▶ **The task**: Your job with the data below: print everything from the line that holds "n6.operation = 'MULTIPLY'" down to the line that holds "n9.inputs[1].default_value = 0.0", ends included, exactly, and nothing else.

▶ **Excerpted data**:
--------
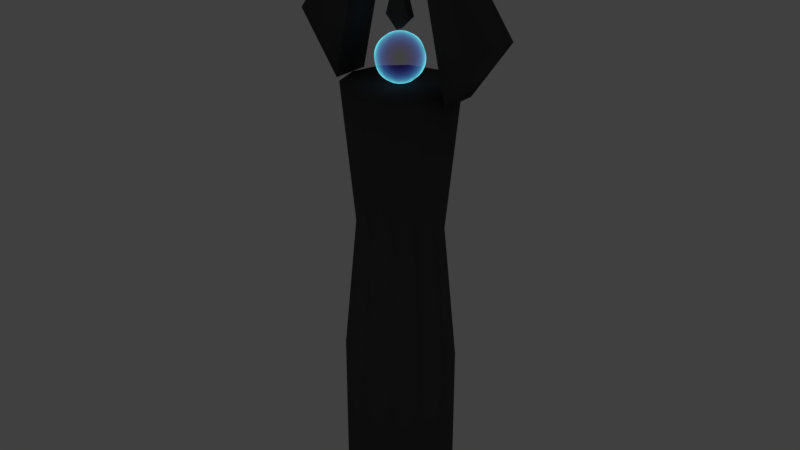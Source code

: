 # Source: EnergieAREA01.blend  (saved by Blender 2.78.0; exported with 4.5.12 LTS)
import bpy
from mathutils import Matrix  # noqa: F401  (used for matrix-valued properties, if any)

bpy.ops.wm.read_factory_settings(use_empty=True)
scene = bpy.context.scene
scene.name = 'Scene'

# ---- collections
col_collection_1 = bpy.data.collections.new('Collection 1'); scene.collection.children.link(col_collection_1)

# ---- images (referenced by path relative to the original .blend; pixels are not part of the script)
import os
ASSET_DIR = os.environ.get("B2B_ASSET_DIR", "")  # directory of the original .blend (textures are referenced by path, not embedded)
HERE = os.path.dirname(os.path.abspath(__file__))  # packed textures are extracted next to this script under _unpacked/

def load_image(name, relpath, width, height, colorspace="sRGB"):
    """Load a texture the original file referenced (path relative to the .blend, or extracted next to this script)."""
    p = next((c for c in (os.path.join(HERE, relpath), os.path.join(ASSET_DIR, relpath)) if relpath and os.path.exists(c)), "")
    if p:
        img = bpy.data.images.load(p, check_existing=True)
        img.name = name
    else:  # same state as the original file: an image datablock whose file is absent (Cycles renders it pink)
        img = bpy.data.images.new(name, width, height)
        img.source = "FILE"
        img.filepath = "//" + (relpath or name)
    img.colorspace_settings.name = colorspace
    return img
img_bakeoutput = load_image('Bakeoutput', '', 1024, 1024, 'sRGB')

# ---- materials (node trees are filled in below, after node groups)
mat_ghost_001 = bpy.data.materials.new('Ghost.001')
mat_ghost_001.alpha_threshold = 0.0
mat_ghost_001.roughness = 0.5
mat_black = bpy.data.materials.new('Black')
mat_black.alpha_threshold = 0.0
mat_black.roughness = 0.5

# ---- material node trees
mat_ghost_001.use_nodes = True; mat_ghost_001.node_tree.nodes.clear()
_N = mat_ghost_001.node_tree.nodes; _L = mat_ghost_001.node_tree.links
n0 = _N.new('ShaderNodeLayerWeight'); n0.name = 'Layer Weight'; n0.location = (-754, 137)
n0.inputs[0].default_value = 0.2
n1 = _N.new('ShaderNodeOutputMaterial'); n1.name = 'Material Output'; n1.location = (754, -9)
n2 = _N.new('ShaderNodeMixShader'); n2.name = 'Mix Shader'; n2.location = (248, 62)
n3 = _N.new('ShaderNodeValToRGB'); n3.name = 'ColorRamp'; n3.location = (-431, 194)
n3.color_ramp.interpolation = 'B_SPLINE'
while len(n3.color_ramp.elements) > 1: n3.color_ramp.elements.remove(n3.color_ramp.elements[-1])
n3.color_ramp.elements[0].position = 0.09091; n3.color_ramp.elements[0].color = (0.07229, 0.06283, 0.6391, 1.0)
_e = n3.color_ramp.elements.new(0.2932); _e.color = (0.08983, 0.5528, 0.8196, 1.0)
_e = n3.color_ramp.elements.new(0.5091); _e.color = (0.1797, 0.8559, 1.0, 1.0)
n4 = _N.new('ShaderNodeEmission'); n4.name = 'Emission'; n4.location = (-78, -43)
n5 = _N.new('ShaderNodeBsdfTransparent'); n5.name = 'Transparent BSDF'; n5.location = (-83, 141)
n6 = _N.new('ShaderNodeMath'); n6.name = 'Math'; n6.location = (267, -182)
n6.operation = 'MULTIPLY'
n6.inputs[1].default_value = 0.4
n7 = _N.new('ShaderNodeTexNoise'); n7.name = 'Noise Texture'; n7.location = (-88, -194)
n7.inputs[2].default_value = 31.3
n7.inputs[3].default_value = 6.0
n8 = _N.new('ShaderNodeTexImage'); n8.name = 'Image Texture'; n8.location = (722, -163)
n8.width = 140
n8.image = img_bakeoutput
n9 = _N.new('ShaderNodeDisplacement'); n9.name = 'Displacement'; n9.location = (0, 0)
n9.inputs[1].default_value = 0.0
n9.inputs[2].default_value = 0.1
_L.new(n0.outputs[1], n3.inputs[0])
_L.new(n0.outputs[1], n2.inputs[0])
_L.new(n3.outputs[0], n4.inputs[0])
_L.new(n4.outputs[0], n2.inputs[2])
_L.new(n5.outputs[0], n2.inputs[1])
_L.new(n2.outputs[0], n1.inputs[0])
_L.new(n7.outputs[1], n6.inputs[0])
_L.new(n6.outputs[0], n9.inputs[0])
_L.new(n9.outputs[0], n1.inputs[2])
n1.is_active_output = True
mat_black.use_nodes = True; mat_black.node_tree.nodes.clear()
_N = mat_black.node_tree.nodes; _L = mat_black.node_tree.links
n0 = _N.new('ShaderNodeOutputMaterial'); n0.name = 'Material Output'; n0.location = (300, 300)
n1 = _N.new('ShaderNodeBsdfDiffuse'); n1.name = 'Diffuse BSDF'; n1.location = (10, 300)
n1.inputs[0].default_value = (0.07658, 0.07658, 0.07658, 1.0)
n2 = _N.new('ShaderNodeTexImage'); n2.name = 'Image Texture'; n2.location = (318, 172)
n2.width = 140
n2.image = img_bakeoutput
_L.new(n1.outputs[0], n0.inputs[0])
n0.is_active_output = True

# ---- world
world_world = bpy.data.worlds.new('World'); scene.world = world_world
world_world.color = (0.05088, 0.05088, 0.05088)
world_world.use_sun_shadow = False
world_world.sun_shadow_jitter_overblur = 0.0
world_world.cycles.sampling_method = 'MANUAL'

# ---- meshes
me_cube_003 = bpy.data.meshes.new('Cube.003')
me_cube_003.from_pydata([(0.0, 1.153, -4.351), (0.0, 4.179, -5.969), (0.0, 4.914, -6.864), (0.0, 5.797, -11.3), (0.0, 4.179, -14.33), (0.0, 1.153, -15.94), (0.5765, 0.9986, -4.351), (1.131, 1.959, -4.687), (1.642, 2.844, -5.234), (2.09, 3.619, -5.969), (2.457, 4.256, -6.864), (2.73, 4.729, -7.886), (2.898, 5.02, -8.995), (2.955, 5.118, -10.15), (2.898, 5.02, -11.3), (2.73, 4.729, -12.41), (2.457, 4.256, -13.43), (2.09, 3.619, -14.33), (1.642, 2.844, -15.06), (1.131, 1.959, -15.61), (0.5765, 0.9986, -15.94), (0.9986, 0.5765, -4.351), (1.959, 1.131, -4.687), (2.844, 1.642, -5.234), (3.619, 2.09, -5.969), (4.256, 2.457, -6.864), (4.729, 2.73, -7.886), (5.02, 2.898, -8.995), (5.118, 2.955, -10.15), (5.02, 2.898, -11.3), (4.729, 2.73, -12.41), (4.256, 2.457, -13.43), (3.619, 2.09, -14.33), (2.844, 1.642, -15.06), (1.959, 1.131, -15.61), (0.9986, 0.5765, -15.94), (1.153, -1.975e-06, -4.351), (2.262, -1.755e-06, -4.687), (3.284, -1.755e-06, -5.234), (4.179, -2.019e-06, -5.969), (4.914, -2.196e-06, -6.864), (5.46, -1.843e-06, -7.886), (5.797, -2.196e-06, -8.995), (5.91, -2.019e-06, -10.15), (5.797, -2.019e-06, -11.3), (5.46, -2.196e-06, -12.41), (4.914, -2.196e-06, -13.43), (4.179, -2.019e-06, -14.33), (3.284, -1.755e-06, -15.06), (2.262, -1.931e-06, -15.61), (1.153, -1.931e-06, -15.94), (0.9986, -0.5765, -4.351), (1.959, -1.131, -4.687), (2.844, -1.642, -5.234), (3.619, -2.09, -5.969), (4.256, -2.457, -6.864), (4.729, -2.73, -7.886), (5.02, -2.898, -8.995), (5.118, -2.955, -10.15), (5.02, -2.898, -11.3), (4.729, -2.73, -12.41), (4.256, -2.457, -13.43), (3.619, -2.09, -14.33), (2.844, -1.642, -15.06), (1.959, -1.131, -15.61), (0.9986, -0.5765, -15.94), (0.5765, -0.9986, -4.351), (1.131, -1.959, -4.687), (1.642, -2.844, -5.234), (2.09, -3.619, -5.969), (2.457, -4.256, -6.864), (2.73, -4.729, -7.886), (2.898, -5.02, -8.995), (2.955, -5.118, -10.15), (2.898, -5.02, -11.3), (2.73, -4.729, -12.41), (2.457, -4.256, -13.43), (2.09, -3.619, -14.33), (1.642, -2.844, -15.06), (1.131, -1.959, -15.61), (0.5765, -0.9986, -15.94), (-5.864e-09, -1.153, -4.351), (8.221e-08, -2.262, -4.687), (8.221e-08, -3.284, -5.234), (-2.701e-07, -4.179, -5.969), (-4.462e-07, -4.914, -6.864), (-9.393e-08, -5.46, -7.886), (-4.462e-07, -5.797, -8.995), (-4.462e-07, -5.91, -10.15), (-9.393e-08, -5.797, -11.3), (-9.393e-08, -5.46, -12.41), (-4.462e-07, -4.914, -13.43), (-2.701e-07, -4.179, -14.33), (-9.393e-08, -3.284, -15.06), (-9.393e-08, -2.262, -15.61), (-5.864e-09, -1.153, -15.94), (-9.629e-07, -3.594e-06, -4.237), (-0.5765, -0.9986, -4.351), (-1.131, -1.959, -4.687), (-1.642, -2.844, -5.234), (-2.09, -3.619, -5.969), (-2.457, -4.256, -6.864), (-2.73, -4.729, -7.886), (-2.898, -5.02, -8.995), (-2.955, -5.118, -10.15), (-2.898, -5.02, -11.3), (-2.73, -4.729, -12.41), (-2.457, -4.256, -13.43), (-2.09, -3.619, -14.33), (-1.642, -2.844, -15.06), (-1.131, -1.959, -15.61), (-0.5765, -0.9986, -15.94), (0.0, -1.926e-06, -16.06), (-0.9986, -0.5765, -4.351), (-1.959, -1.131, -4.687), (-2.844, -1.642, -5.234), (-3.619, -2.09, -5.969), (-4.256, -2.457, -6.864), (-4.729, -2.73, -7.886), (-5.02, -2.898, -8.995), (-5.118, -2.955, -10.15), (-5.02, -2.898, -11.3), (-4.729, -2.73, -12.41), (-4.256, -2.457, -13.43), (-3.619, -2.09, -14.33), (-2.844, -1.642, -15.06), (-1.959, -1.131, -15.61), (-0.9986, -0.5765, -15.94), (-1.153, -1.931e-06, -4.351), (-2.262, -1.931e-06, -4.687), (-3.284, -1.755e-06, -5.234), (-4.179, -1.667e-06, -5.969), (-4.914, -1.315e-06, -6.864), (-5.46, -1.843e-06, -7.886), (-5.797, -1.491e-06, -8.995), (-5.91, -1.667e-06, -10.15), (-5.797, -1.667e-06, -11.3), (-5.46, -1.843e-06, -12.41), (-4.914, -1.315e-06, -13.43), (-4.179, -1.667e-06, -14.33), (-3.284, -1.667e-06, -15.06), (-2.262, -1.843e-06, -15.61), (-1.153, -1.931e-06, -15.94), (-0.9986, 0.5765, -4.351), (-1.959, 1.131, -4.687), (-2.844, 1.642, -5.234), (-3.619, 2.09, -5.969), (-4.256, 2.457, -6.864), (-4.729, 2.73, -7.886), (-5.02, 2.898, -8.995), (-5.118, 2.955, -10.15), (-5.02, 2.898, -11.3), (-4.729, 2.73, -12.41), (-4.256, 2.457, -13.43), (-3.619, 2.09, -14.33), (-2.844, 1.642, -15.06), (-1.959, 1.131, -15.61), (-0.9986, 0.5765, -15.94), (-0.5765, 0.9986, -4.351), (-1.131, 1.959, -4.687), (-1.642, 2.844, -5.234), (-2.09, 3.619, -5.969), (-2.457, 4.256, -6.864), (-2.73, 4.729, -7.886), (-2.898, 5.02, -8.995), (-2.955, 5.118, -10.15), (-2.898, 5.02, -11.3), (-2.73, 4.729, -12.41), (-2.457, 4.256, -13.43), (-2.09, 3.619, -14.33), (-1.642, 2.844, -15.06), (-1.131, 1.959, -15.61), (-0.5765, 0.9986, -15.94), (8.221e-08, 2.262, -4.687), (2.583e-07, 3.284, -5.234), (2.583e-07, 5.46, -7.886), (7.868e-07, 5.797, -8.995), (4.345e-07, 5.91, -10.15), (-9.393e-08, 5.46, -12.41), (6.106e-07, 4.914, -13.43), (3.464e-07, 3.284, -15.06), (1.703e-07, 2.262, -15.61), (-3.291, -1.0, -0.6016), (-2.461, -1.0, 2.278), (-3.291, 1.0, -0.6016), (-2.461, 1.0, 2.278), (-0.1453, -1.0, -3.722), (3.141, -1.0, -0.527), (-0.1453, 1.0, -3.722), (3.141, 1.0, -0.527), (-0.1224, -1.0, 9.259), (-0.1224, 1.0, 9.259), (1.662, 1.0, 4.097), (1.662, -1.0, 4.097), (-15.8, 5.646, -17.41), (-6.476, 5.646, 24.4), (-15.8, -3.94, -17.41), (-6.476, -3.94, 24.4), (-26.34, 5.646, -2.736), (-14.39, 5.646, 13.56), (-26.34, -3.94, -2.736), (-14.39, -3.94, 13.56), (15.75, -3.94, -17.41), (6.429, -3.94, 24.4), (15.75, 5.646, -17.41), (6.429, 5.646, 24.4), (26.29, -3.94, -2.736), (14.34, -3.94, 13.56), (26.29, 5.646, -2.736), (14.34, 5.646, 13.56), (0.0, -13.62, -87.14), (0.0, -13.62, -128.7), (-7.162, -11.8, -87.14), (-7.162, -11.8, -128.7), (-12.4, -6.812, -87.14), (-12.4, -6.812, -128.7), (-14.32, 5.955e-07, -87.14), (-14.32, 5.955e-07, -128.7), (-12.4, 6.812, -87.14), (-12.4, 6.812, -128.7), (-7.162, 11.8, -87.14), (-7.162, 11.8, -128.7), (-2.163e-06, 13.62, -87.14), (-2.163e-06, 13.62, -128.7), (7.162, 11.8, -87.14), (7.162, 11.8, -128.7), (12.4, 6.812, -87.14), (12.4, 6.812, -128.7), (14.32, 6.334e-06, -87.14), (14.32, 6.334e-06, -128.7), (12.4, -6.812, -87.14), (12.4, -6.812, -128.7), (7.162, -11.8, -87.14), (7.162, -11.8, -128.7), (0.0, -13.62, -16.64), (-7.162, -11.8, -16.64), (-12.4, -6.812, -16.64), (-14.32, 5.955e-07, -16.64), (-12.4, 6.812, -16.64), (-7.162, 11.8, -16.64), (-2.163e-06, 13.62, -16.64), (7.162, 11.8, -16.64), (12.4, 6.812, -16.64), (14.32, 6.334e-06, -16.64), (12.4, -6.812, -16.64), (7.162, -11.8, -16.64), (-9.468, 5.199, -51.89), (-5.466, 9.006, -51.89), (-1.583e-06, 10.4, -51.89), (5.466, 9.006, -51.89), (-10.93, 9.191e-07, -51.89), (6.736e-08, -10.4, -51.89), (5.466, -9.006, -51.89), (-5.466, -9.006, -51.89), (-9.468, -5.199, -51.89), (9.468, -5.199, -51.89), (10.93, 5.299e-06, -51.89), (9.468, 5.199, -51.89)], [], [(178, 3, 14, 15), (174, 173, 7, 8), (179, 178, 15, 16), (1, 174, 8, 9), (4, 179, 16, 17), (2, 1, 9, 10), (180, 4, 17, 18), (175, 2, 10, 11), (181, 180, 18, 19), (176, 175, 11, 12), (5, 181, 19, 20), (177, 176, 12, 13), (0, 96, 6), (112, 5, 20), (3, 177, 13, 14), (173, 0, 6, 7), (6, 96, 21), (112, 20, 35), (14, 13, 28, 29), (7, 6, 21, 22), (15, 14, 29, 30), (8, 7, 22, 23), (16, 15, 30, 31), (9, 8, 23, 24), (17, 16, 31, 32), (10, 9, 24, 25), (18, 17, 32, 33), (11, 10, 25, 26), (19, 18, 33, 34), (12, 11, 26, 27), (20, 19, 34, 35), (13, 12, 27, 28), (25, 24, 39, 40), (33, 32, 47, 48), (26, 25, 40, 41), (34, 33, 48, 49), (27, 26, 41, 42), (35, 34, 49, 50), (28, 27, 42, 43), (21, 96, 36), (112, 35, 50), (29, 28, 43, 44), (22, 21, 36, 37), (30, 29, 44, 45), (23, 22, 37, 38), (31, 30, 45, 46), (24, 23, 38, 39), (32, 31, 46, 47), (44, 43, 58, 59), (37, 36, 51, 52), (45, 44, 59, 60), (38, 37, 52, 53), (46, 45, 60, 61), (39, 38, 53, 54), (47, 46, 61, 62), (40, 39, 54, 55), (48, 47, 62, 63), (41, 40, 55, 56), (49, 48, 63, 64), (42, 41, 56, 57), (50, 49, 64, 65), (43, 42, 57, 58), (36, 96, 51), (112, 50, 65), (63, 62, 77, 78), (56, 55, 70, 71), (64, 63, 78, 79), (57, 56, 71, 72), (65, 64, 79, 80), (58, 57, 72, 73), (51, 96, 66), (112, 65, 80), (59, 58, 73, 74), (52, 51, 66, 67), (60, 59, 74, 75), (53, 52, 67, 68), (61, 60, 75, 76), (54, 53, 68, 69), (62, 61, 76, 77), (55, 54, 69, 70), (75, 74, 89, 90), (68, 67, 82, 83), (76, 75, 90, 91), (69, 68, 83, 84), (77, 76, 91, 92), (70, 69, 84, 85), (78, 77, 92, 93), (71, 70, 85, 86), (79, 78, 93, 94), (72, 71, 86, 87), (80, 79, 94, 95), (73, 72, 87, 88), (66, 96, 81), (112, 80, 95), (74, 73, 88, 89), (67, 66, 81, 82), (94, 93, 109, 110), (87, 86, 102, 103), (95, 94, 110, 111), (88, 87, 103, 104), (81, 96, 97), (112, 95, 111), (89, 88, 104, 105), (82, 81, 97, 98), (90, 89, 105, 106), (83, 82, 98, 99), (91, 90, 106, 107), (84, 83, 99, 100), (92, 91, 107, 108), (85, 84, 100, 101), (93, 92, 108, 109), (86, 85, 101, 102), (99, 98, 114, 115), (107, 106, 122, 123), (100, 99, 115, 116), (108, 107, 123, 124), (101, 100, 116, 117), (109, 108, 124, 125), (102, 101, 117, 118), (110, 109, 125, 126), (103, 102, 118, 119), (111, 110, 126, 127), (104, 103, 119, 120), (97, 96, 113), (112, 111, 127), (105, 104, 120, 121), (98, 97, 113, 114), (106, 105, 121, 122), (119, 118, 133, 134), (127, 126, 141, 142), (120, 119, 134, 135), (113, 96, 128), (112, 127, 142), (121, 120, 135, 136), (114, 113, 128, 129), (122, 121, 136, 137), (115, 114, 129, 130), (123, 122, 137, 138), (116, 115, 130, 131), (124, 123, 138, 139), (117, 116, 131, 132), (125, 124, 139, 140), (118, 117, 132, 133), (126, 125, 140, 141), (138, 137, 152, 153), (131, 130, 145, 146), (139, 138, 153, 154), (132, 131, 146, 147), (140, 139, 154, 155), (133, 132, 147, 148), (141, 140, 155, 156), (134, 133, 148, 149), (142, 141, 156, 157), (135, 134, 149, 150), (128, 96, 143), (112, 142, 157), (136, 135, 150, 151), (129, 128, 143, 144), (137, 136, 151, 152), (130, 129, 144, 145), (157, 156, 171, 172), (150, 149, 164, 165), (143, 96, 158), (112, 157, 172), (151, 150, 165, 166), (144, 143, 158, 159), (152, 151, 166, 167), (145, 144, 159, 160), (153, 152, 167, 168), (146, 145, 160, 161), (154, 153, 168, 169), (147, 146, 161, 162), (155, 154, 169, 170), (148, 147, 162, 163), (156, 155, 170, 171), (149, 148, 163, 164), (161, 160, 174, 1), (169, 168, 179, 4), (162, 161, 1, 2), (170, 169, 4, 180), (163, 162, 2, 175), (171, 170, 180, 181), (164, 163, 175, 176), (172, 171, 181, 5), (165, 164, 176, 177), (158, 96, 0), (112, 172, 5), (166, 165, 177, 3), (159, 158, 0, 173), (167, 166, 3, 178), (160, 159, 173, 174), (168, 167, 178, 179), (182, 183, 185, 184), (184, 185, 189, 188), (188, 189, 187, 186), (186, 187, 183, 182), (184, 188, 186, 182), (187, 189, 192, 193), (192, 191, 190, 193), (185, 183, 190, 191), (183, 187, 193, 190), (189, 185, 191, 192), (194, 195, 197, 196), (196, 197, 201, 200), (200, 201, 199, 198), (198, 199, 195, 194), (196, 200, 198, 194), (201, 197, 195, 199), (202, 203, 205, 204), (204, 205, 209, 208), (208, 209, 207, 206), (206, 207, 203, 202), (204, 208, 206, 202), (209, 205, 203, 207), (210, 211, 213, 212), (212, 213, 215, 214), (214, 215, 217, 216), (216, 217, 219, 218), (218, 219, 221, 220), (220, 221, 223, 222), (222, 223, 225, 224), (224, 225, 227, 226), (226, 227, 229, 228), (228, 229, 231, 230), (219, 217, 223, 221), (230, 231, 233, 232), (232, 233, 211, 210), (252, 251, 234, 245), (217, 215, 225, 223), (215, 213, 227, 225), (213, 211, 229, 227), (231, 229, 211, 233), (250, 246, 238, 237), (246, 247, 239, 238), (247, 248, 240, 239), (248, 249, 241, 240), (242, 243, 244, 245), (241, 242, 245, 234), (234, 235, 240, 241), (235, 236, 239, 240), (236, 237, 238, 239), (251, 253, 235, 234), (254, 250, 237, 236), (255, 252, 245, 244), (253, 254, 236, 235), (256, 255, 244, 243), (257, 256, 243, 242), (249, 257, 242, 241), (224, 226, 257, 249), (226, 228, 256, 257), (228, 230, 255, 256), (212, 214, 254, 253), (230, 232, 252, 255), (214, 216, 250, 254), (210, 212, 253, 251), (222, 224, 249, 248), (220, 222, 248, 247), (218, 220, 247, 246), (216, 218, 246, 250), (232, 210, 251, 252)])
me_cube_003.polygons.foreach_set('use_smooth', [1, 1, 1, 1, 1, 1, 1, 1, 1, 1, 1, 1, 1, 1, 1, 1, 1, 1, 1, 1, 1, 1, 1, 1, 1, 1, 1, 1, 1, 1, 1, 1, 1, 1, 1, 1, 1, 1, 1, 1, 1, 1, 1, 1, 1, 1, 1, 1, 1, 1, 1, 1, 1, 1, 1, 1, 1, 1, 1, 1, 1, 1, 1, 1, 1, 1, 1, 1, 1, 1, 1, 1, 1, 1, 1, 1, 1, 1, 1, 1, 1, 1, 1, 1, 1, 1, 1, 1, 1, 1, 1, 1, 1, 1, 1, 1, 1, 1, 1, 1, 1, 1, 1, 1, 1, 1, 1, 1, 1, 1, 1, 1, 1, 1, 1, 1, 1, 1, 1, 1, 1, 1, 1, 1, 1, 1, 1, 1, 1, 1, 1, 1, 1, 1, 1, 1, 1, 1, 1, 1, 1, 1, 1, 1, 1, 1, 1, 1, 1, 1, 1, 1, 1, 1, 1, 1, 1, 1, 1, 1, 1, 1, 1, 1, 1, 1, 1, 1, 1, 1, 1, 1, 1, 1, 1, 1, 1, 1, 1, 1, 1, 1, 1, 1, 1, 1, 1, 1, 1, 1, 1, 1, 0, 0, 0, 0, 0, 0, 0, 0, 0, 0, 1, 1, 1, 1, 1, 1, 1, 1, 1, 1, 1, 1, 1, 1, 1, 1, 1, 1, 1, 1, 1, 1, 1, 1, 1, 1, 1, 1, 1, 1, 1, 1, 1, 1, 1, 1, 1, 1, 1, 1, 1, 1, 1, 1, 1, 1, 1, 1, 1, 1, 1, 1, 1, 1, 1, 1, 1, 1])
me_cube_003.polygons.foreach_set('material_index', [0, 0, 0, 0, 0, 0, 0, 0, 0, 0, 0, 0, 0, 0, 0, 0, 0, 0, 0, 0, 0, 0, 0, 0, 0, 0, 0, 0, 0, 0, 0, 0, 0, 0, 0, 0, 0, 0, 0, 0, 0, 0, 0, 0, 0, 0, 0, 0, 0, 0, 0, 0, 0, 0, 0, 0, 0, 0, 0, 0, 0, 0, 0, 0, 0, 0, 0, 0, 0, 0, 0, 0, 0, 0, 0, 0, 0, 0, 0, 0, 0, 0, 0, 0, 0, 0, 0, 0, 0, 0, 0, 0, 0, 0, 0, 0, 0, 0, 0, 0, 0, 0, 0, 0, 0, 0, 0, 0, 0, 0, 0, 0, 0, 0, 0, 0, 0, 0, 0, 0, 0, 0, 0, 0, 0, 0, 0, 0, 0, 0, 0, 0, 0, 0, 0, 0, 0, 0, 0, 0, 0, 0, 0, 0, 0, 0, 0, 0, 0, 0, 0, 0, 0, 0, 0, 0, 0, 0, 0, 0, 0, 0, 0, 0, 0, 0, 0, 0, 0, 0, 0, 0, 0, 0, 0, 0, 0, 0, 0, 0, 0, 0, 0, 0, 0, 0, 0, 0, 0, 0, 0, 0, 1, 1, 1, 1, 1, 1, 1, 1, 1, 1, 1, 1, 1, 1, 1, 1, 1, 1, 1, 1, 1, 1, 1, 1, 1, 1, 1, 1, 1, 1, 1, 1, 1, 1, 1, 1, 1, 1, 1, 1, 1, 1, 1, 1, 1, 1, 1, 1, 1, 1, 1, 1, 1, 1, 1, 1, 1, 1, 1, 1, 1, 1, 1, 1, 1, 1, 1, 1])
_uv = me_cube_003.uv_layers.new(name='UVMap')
--------
▶ **Response**:
n6.operation = 'MULTIPLY'
n6.inputs[1].default_value = 0.4
n7 = _N.new('ShaderNodeTexNoise'); n7.name = 'Noise Texture'; n7.location = (-88, -194)
n7.inputs[2].default_value = 31.3
n7.inputs[3].default_value = 6.0
n8 = _N.new('ShaderNodeTexImage'); n8.name = 'Image Texture'; n8.location = (722, -163)
n8.width = 140
n8.image = img_bakeoutput
n9 = _N.new('ShaderNodeDisplacement'); n9.name = 'Displacement'; n9.location = (0, 0)
n9.inputs[1].default_value = 0.0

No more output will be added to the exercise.